Solution to Exercise 3

The 95% confidence interval is \(\hat{C} \pm 1.96 \cdot \mathrm{SE} = 10.50 \pm 0.098\), giving the interval \([10.40, 10.60]\).

Since \(\mathrm{SE} = \hat{\sigma} / \sqrt{N}\) where \(\hat{\sigma}\) is the sample standard deviation, we have \(\hat{\sigma} = 0.05 \cdot \sqrt{100{,}000} \approx 15.81\).

To achieve \(\mathrm{SE} = 0.01\), we need

\[ N = \left(\frac{\hat{\sigma}}{0.01}\right)^2 = \left(\frac{15.81}{0.01}\right)^2 = 2{,}500{,}000 \]

So approximately 2.5 million paths are required.


Exercise 4. Verify put-call parity using both the analytical Black-Scholes formulas and Monte Carlo estimates. With \(S_0 = 100\), \(K = 100\), \(T = 1\), \(r = 0.05\), and \(\sigma = 0.20\), show that \(C - P = S_0 - K e^{-rT}\).

Solution to Exercise 4

Put-call parity states \(C - P = S_0 - K e^{-rT}\).
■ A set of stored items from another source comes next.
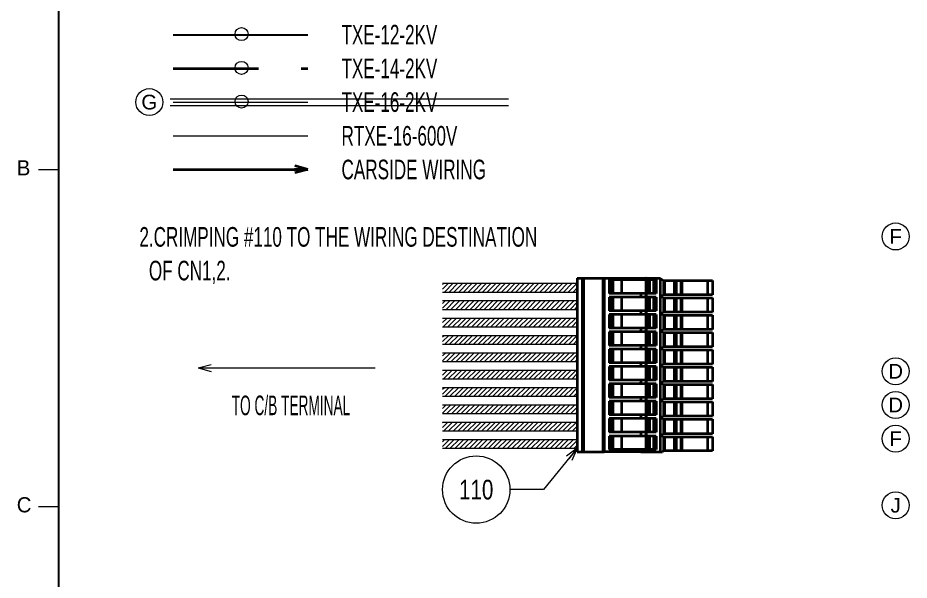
# Model space of a CAD drawing. Header units: millimetres. Extents: x 7 to 587, y 2 to 418.
# Drawn here: x 26.9 to 159.3, y 249.1 to 332.5 of the extents above; entities that cross this region are included whole.
import ezdxf
from ezdxf.enums import TextEntityAlignment as Align

# ---------------------------------------------------------------- set-up
doc = ezdxf.new("R2010")
doc.units = ezdxf.units.MM
doc.linetypes.add('DASHED', pattern=[19, 12.7, -6.3])
for name, color, linetype in [('GR1_05', 7, 'Continuous'), ('GR1_15', 7, 'Continuous'), ('図面枠C7M', 7, 'Continuous'), ('表題、部品表_01', 7, 'Continuous')]:
    doc.layers.add(name, color=color, linetype=linetype)
doc.styles.add('HG丸ｺﾞｼｯｸM-PRO', font='')
doc.styles.get('HG丸ｺﾞｼｯｸM-PRO').set_extended_font_data('HG丸ｺﾞｼｯｸM-PRO')
pattern_1 = [(45, (0, 0), (-0.3535534, 0.3535534), [])]

# ---------------------------------------------------------------- blocks, each defined once
blk = doc.blocks.new('BLKF023')
at = {"layer": '図面枠C7M', "color": 2, "linetype": 'Continuous', "lineweight": 25}
blk.add_line((33, 410), (33, 10), dxfattribs=at)
at = {"layer": '図面枠C7M', "color": 4, "linetype": 'Continuous', "lineweight": 13}
for p, q in [((30, 310), (33, 310)), ((30, 260), (33, 260))]:
    blk.add_line(p, q, dxfattribs=at)
at = {"layer": '図面枠C7M', "color": 4, "linetype": 'Continuous', "lineweight": 13, "style": 'HG丸ｺﾞｼｯｸM-PRO', "width": 1.004704}
blk.add_text('B', height=2.25, dxfattribs=at).set_placement((26.79, 308.45), align=Align.BOTTOM_LEFT)
at = {"layer": '図面枠C7M', "color": 3, "linetype": 'Continuous', "lineweight": 35, "style": 'HG丸ｺﾞｼｯｸM-PRO', "width": 1.001214}
blk.add_text('C', height=2.25, dxfattribs=at).set_placement((26.79, 258.45), align=Align.BOTTOM_LEFT)
blk = doc.blocks.new('FXTIP_ARROW_E')
at = {"color": 0, "linetype": 'Continuous', "lineweight": -2}
for q in [(-1, 0), (-0.966, 0.259), (-0.966, -0.259)]:
    blk.add_line((0, 0), q, dxfattribs=at)
blk = doc.blocks.new('BLKF083')
at = {"layer": '表題、部品表_01', "color": 3, "linetype": 'Continuous', "lineweight": 35}
for p, q in [((110, 293.87), (110.75, 293.87)), ((110, 293.87), (110, 268.13)), ((110.75, 293.87), (110.8, 293.87)), ((110.75, 293.87), (110.75, 268.13)), ((110.8, 293.87), (110.85, 293.87)), ((110.85, 293.87), (110.93, 293.87)), ((110.93, 293.87), (113.8, 293.87)), ((110.93, 293.87), (110.93, 268.13)), ((113.8, 293.87), (113.98, 293.87)), ((113.8, 293.87), (113.8, 268.13)), ((113.98, 293.87), (119.45, 293.87)), ((113.98, 293.87), (113.98, 268.13)), ((119.45, 293.87), (120.16, 293.87)), ((119.45, 293.62), (119.45, 293.87)), ((120.23, 293.87), (120.16, 293.87)), ((120.16, 293.62), (120.16, 293.87)), ((120.23, 293.87), (122.29, 293.87)), ((120.23, 293.62), (120.23, 293.87)), ((122.29, 293.87), (122.31, 293.87)), ((122.29, 293.87), (122.29, 268.13)), ((122.31, 293.87), (122.81, 293.52)), ((114.73, 293.62), (114.73, 291.6)), ((114.87, 293.62), (114.73, 293.62)), ((115.28, 293.62), (114.87, 293.62)), ((114.87, 293.62), (114.87, 291.6)), ((116.59, 293.62), (115.28, 293.62)), ((115.28, 293.62), (115.28, 291.6)), ((116.59, 293.62), (116.59, 291.6)), ((119.45, 293.62), (116.59, 293.62)), ((120.16, 293.62), (119.45, 293.62)), ((120.16, 293.62), (120.2, 293.62)), ((120.2, 293.62), (120.2, 291.6)), ((120.2, 293.62), (120.23, 293.62)), ((120.44, 293.62), (120.23, 293.62)), ((120.73, 293.62), (120.44, 293.62)), ((120.44, 293.62), (120.44, 291.6)), ((120.73, 293.62), (120.73, 291.6)), ((121.34, 293.62), (120.73, 293.62)), ((121.69, 293.62), (121.34, 293.62)), ((121.34, 293.62), (121.34, 291.6)), ((121.69, 293.62), (121.69, 291.6)), ((122.81, 293.52), (122.84, 293.52)), ((122.84, 291.4), (122.84, 293.52)), ((122.84, 293.52), (122.98, 293.52)), ((122.98, 293.52), (124.45, 293.52)), ((122.98, 291.4), (122.98, 293.52)), ((124.45, 293.52), (124.73, 293.52)), ((124.45, 291.4), (124.45, 293.52)), ((124.73, 293.52), (125.45, 293.52)), ((124.73, 291.4), (124.73, 293.52)), ((125.45, 293.52), (125.59, 293.52)), ((125.45, 291.4), (125.45, 293.52)), ((125.59, 291.4), (125.59, 293.52)), ((125.59, 293.52), (129.34, 293.52)), ((129.34, 293.52), (130.09, 293.52)), ((129.34, 293.52), (129.34, 291.4)), ((130.09, 293.52), (130.09, 291.4)), ((114.87, 291.6), (114.73, 291.6)), ((115.28, 291.6), (114.87, 291.6)), ((116.59, 291.6), (115.28, 291.6)), ((119.45, 291.6), (116.59, 291.6)), ((120.16, 291.6), (119.45, 291.6)), ((119.45, 291.6), (119.45, 291.3)), ((119.45, 291.05), (119.45, 291.3)), ((120.16, 291.6), (120.2, 291.6)), ((120.16, 291.6), (120.16, 291.3)), ((120.16, 291.05), (120.16, 291.3)), ((120.16, 291.3), (120.23, 291.3)), ((120.2, 291.6), (120.23, 291.6)), ((120.44, 291.6), (120.23, 291.6)), ((120.23, 291.6), (120.23, 291.3)), ((120.23, 291.05), (120.23, 291.3)), ((120.73, 291.6), (120.44, 291.6)), ((121.34, 291.6), (120.73, 291.6)), ((121.69, 291.6), (121.34, 291.6)), ((122.31, 291.3), (122.81, 290.95)), ((122.31, 291.3), (122.67, 291.3)), ((122.81, 291.4), (122.67, 291.3)), ((122.84, 291.4), (122.81, 291.4)), ((122.98, 291.4), (122.84, 291.4)), ((124.45, 291.4), (122.98, 291.4)), ((124.73, 291.4), (124.45, 291.4)), ((125.45, 291.4), (124.73, 291.4)), ((125.59, 291.4), (125.45, 291.4)), ((129.34, 291.4), (125.59, 291.4)), ((130.09, 291.4), (129.34, 291.4)), ((114.87, 291.05), (114.73, 291.05)), ((114.73, 291.05), (114.73, 289.02)), ((115.28, 291.05), (114.87, 291.05)), ((114.87, 291.05), (114.87, 289.02)), ((116.59, 291.05), (115.28, 291.05)), ((115.28, 291.05), (115.28, 289.02)), ((116.59, 291.05), (116.59, 289.02)), ((119.45, 291.05), (116.59, 291.05)), ((120.16, 291.05), (119.45, 291.05)), ((120.16, 291.05), (120.2, 291.05)), ((120.2, 291.05), (120.23, 291.05)), ((120.2, 291.05), (120.2, 289.02)), ((120.44, 291.05), (120.23, 291.05)), ((120.73, 291.05), (120.44, 291.05)), ((120.44, 291.05), (120.44, 289.02)), ((121.34, 291.05), (120.73, 291.05)), ((120.73, 291.05), (120.73, 289.02)), ((121.69, 291.05), (121.34, 291.05)), ((121.34, 291.05), (121.34, 289.02)), ((121.69, 291.05), (121.69, 289.02)), ((122.81, 290.95), (122.84, 290.95)), ((122.84, 288.82), (122.84, 290.95)), ((122.84, 290.95), (122.98, 290.95)), ((122.98, 288.82), (122.98, 290.95)), ((122.98, 290.95), (124.45, 290.95)), ((124.45, 288.82), (124.45, 290.95)), ((124.45, 290.95), (124.73, 290.95)), ((124.73, 288.82), (124.73, 290.95)), ((124.73, 290.95), (125.45, 290.95)), ((125.45, 288.82), (125.45, 290.95)), ((125.45, 290.95), (125.59, 290.95)), ((125.59, 290.95), (129.34, 290.95)), ((125.59, 288.82), (125.59, 290.95)), ((129.34, 290.95), (130.09, 290.95)), ((129.34, 290.95), (129.34, 288.82)), ((130.09, 290.95), (130.09, 288.82)), ((114.87, 289.02), (114.73, 289.02)), ((114.87, 288.47), (114.73, 288.47)), ((114.73, 288.47), (114.73, 286.45)), ((115.28, 289.02), (114.87, 289.02)), ((115.28, 288.47), (114.87, 288.47)), ((114.87, 288.47), (114.87, 286.45)), ((116.59, 289.02), (115.28, 289.02)), ((116.59, 288.47), (115.28, 288.47)), ((115.28, 288.47), (115.28, 286.45)), ((119.45, 289.02), (116.59, 289.02)), ((116.59, 288.47), (116.59, 286.45)), ((119.45, 288.47), (116.59, 288.47)), ((119.45, 289.02), (119.45, 288.72)), ((120.16, 289.02), (119.45, 289.02)), ((119.45, 288.47), (119.45, 288.72)), ((120.16, 288.47), (119.45, 288.47)), ((120.16, 289.02), (120.2, 289.02)), ((120.16, 289.02), (120.16, 288.72)), ((120.16, 288.72), (120.23, 288.72)), ((120.16, 288.47), (120.16, 288.72)), ((120.16, 288.47), (120.2, 288.47)), ((120.2, 289.02), (120.23, 289.02)), ((120.2, 288.47), (120.23, 288.47)), ((120.2, 288.47), (120.2, 286.45)), ((120.44, 289.02), (120.23, 289.02)), ((120.23, 289.02), (120.23, 288.72)), ((120.23, 288.47), (120.23, 288.72)), ((120.44, 288.47), (120.23, 288.47)), ((120.73, 289.02), (120.44, 289.02)), ((120.44, 288.47), (120.44, 286.45)), ((120.73, 288.47), (120.44, 288.47)), ((121.34, 289.02), (120.73, 289.02)), ((120.73, 288.47), (120.73, 286.45)), ((121.34, 288.47), (120.73, 288.47)), ((121.69, 289.02), (121.34, 289.02)), ((121.34, 288.47), (121.34, 286.45)), ((121.69, 288.47), (121.34, 288.47)), ((121.69, 288.47), (121.69, 286.45)), ((122.31, 288.72), (122.81, 288.37)), ((122.31, 288.72), (122.67, 288.72)), ((122.81, 288.82), (122.67, 288.72)), ((122.84, 288.82), (122.81, 288.82)), ((122.98, 288.82), (122.84, 288.82)), ((124.45, 288.82), (122.98, 288.82)), ((124.73, 288.82), (124.45, 288.82)), ((125.45, 288.82), (124.73, 288.82)), ((125.59, 288.82), (125.45, 288.82)), ((129.34, 288.82), (125.59, 288.82)), ((130.09, 288.82), (129.34, 288.82)), ((122.81, 288.37), (122.84, 288.37)), ((122.84, 286.25), (122.84, 288.37)), ((122.84, 288.37), (122.98, 288.37)), ((122.98, 286.25), (122.98, 288.37)), ((122.98, 288.37), (124.45, 288.37)), ((124.45, 286.25), (124.45, 288.37)), ((124.45, 288.37), (124.73, 288.37)), ((124.73, 286.25), (124.73, 288.37)), ((124.73, 288.37), (125.45, 288.37)), ((125.45, 286.25), (125.45, 288.37)), ((125.45, 288.37), (125.59, 288.37)), ((125.59, 288.37), (129.34, 288.37)), ((125.59, 286.25), (125.59, 288.37)), ((129.34, 288.37), (130.09, 288.37)), ((129.34, 288.37), (129.34, 286.25)), ((130.09, 288.37), (130.09, 286.25)), ((114.87, 286.45), (114.73, 286.45)), ((114.87, 285.9), (114.73, 285.9)), ((114.73, 285.9), (114.73, 283.87)), ((115.28, 286.45), (114.87, 286.45)), ((114.87, 285.9), (114.87, 283.87)), ((115.28, 285.9), (114.87, 285.9)), ((116.59, 286.45), (115.28, 286.45)), ((116.59, 285.9), (115.28, 285.9)), ((115.28, 285.9), (115.28, 283.87)), ((119.45, 286.45), (116.59, 286.45)), ((116.59, 285.9), (116.59, 283.87)), ((119.45, 285.9), (116.59, 285.9)), ((119.45, 286.45), (119.45, 286.15)), ((120.16, 286.45), (119.45, 286.45)), ((119.45, 285.9), (119.45, 286.15)), ((120.16, 285.9), (119.45, 285.9)), ((120.16, 286.45), (120.2, 286.45)), ((120.16, 286.45), (120.16, 286.15)), ((120.16, 285.9), (120.16, 286.15)), ((120.16, 286.15), (120.23, 286.15)), ((120.16, 285.9), (120.2, 285.9)), ((120.2, 286.45), (120.23, 286.45)), ((120.2, 285.9), (120.2, 283.87)), ((120.2, 285.9), (120.23, 285.9)), ((120.44, 286.45), (120.23, 286.45)), ((120.23, 286.45), (120.23, 286.15)), ((120.23, 285.9), (120.23, 286.15)), ((120.44, 285.9), (120.23, 285.9)), ((120.73, 286.45), (120.44, 286.45)), ((120.44, 285.9), (120.44, 283.87)), ((120.73, 285.9), (120.44, 285.9)), ((121.34, 286.45), (120.73, 286.45)), ((121.34, 285.9), (120.73, 285.9)), ((120.73, 285.9), (120.73, 283.87)), ((121.69, 286.45), (121.34, 286.45)), ((121.34, 285.9), (121.34, 283.87)), ((121.69, 285.9), (121.34, 285.9)), ((121.69, 285.9), (121.69, 283.87)), ((122.31, 286.15), (122.81, 285.8)), ((122.31, 286.15), (122.67, 286.15)), ((122.81, 286.25), (122.67, 286.15)), ((122.84, 286.25), (122.81, 286.25)), ((122.98, 286.25), (122.84, 286.25)), ((124.45, 286.25), (122.98, 286.25)), ((124.73, 286.25), (124.45, 286.25)), ((125.45, 286.25), (124.73, 286.25)), ((125.59, 286.25), (125.45, 286.25)), ((129.34, 286.25), (125.59, 286.25)), ((130.09, 286.25), (129.34, 286.25)), ((122.81, 285.8), (122.84, 285.8)), ((122.84, 283.67), (122.84, 285.8)), ((122.84, 285.8), (122.98, 285.8)), ((122.98, 283.67), (122.98, 285.8)), ((122.98, 285.8), (124.45, 285.8)), ((124.45, 283.67), (124.45, 285.8)), ((124.45, 285.8), (124.73, 285.8)), ((124.73, 283.67), (124.73, 285.8)), ((124.73, 285.8), (125.45, 285.8)), ((125.45, 283.67), (125.45, 285.8)), ((125.45, 285.8), (125.59, 285.8)), ((125.59, 283.67), (125.59, 285.8)), ((125.59, 285.8), (129.34, 285.8)), ((129.34, 285.8), (129.34, 283.67)), ((129.34, 285.8), (130.09, 285.8)), ((130.09, 285.8), (130.09, 283.67)), ((114.87, 283.87), (114.73, 283.87)), ((114.73, 283.33), (114.73, 281.3)), ((114.87, 283.33), (114.73, 283.33)), ((115.28, 283.87), (114.87, 283.87)), ((114.87, 283.33), (114.87, 281.3)), ((115.28, 283.33), (114.87, 283.33)), ((116.59, 283.87), (115.28, 283.87)), ((115.28, 283.33), (115.28, 281.3)), ((116.59, 283.33), (115.28, 283.33)), ((119.45, 283.87), (116.59, 283.87)), ((116.59, 283.33), (116.59, 281.3)), ((119.45, 283.33), (116.59, 283.33)), ((119.45, 283.87), (119.45, 283.57)), ((120.16, 283.87), (119.45, 283.87)), ((119.45, 283.33), (119.45, 283.57)), ((120.16, 283.33), (119.45, 283.33)), ((120.16, 283.87), (120.16, 283.57)), ((120.16, 283.87), (120.2, 283.87)), ((120.16, 283.33), (120.16, 283.57)), ((120.16, 283.57), (120.23, 283.57)), ((120.16, 283.33), (120.2, 283.33)), ((120.2, 283.87), (120.23, 283.87)), ((120.2, 283.33), (120.2, 281.3)), ((120.2, 283.33), (120.23, 283.33)), ((120.44, 283.87), (120.23, 283.87)), ((120.23, 283.87), (120.23, 283.57)), ((120.23, 283.33), (120.23, 283.57)), ((120.44, 283.33), (120.23, 283.33)), ((120.73, 283.87), (120.44, 283.87)), ((120.73, 283.33), (120.44, 283.33)), ((120.44, 283.33), (120.44, 281.3)), ((121.34, 283.87), (120.73, 283.87)), ((120.73, 283.33), (120.73, 281.3)), ((121.34, 283.33), (120.73, 283.33)), ((121.69, 283.87), (121.34, 283.87)), ((121.69, 283.33), (121.34, 283.33)), ((121.34, 283.33), (121.34, 281.3)), ((121.69, 283.33), (121.69, 281.3)), ((122.31, 283.57), (122.81, 283.23)), ((122.31, 283.57), (122.67, 283.57)), ((122.81, 283.67), (122.67, 283.57)), ((122.84, 283.67), (122.81, 283.67)), ((122.81, 283.23), (122.84, 283.23)), ((122.98, 283.67), (122.84, 283.67)), ((122.84, 283.23), (122.98, 283.23)), ((122.84, 281.1), (122.84, 283.23)), ((124.45, 283.67), (122.98, 283.67)), ((122.98, 283.23), (124.45, 283.23)), ((122.98, 281.1), (122.98, 283.23)), ((124.73, 283.67), (124.45, 283.67)), ((124.45, 281.1), (124.45, 283.23)), ((124.45, 283.23), (124.73, 283.23)), ((125.45, 283.67), (124.73, 283.67)), ((124.73, 283.23), (125.45, 283.23)), ((124.73, 281.1), (124.73, 283.23)), ((125.59, 283.67), (125.45, 283.67)), ((125.45, 283.23), (125.59, 283.23)), ((125.45, 281.1), (125.45, 283.23)), ((129.34, 283.67), (125.59, 283.67)), ((125.59, 283.23), (129.34, 283.23)), ((125.59, 281.1), (125.59, 283.23)), ((130.09, 283.67), (129.34, 283.67)), ((129.34, 283.23), (129.34, 281.1)), ((129.34, 283.23), (130.09, 283.23)), ((130.09, 283.23), (130.09, 281.1)), ((114.87, 281.3), (114.73, 281.3)), ((114.73, 280.75), (114.73, 278.73)), ((114.87, 280.75), (114.73, 280.75)), ((115.28, 281.3), (114.87, 281.3)), ((114.87, 280.75), (114.87, 278.73)), ((115.28, 280.75), (114.87, 280.75)), ((116.59, 281.3), (115.28, 281.3)), ((115.28, 280.75), (115.28, 278.73)), ((116.59, 280.75), (115.28, 280.75)), ((119.45, 281.3), (116.59, 281.3)), ((116.59, 280.75), (116.59, 278.73)), ((119.45, 280.75), (116.59, 280.75)), ((120.16, 281.3), (119.45, 281.3)), ((119.45, 281.3), (119.45, 281)), ((119.45, 280.75), (119.45, 281)), ((120.16, 280.75), (119.45, 280.75)), ((120.16, 281.3), (120.16, 281)), ((120.16, 281.3), (120.2, 281.3)), ((120.16, 280.75), (120.16, 281)), ((120.16, 281), (120.23, 281)), ((120.16, 280.75), (120.2, 280.75)), ((120.2, 281.3), (120.23, 281.3)), ((120.2, 280.75), (120.2, 278.73)), ((120.2, 280.75), (120.23, 280.75)), ((120.44, 281.3), (120.23, 281.3)), ((120.23, 281.3), (120.23, 281)), ((120.23, 280.75), (120.23, 281)), ((120.44, 280.75), (120.23, 280.75)), ((120.73, 281.3), (120.44, 281.3)), ((120.44, 280.75), (120.44, 278.73)), ((120.73, 280.75), (120.44, 280.75)), ((121.34, 281.3), (120.73, 281.3)), ((120.73, 280.75), (120.73, 278.73)), ((121.34, 280.75), (120.73, 280.75)), ((121.69, 281.3), (121.34, 281.3)), ((121.69, 280.75), (121.34, 280.75)), ((121.34, 280.75), (121.34, 278.73)), ((121.69, 280.75), (121.69, 278.73)), ((122.31, 281), (122.81, 280.65)), ((122.31, 281), (122.67, 281)), ((122.81, 281.1), (122.67, 281)), ((122.84, 281.1), (122.81, 281.1)), ((122.81, 280.65), (122.84, 280.65)), ((122.98, 281.1), (122.84, 281.1)), ((122.84, 280.65), (122.98, 280.65)), ((122.84, 278.53), (122.84, 280.65)), ((124.45, 281.1), (122.98, 281.1)), ((122.98, 280.65), (124.45, 280.65)), ((122.98, 278.53), (122.98, 280.65)), ((124.73, 281.1), (124.45, 281.1)), ((124.45, 280.65), (124.73, 280.65)), ((124.45, 278.53), (124.45, 280.65)), ((125.45, 281.1), (124.73, 281.1)), ((124.73, 280.65), (125.45, 280.65)), ((124.73, 278.53), (124.73, 280.65)), ((125.59, 281.1), (125.45, 281.1)), ((125.45, 278.53), (125.45, 280.65)), ((125.45, 280.65), (125.59, 280.65)), ((129.34, 281.1), (125.59, 281.1)), ((125.59, 280.65), (129.34, 280.65)), ((125.59, 278.53), (125.59, 280.65)), ((130.09, 281.1), (129.34, 281.1)), ((129.34, 280.65), (130.09, 280.65)), ((129.34, 280.65), (129.34, 278.53)), ((130.09, 280.65), (130.09, 278.53)), ((114.87, 278.73), (114.73, 278.73)), ((114.73, 278.18), (114.73, 276.15)), ((114.87, 278.18), (114.73, 278.18)), ((115.28, 278.73), (114.87, 278.73)), ((114.87, 278.18), (114.87, 276.15)), ((115.28, 278.18), (114.87, 278.18)), ((116.59, 278.73), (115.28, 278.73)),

The right-hand side is \(100 - 100 e^{-0.05} = 100 - 95.12 = 4.88\).

From the Black-Scholes formulas, \(C \approx 10.45\) and \(P \approx 5.57\), so \(C - P = 10.45 - 5.57 = 4.88\), which matches exactly.

For Monte Carlo estimates, the difference \(\hat{C}_{\mathrm{MC}} - \hat{P}_{\mathrm{MC}}\) should converge to \(4.88\) as the number of paths increases. Any deviation is due to sampling error and decreases at rate \(O(1/\sqrt{N})\).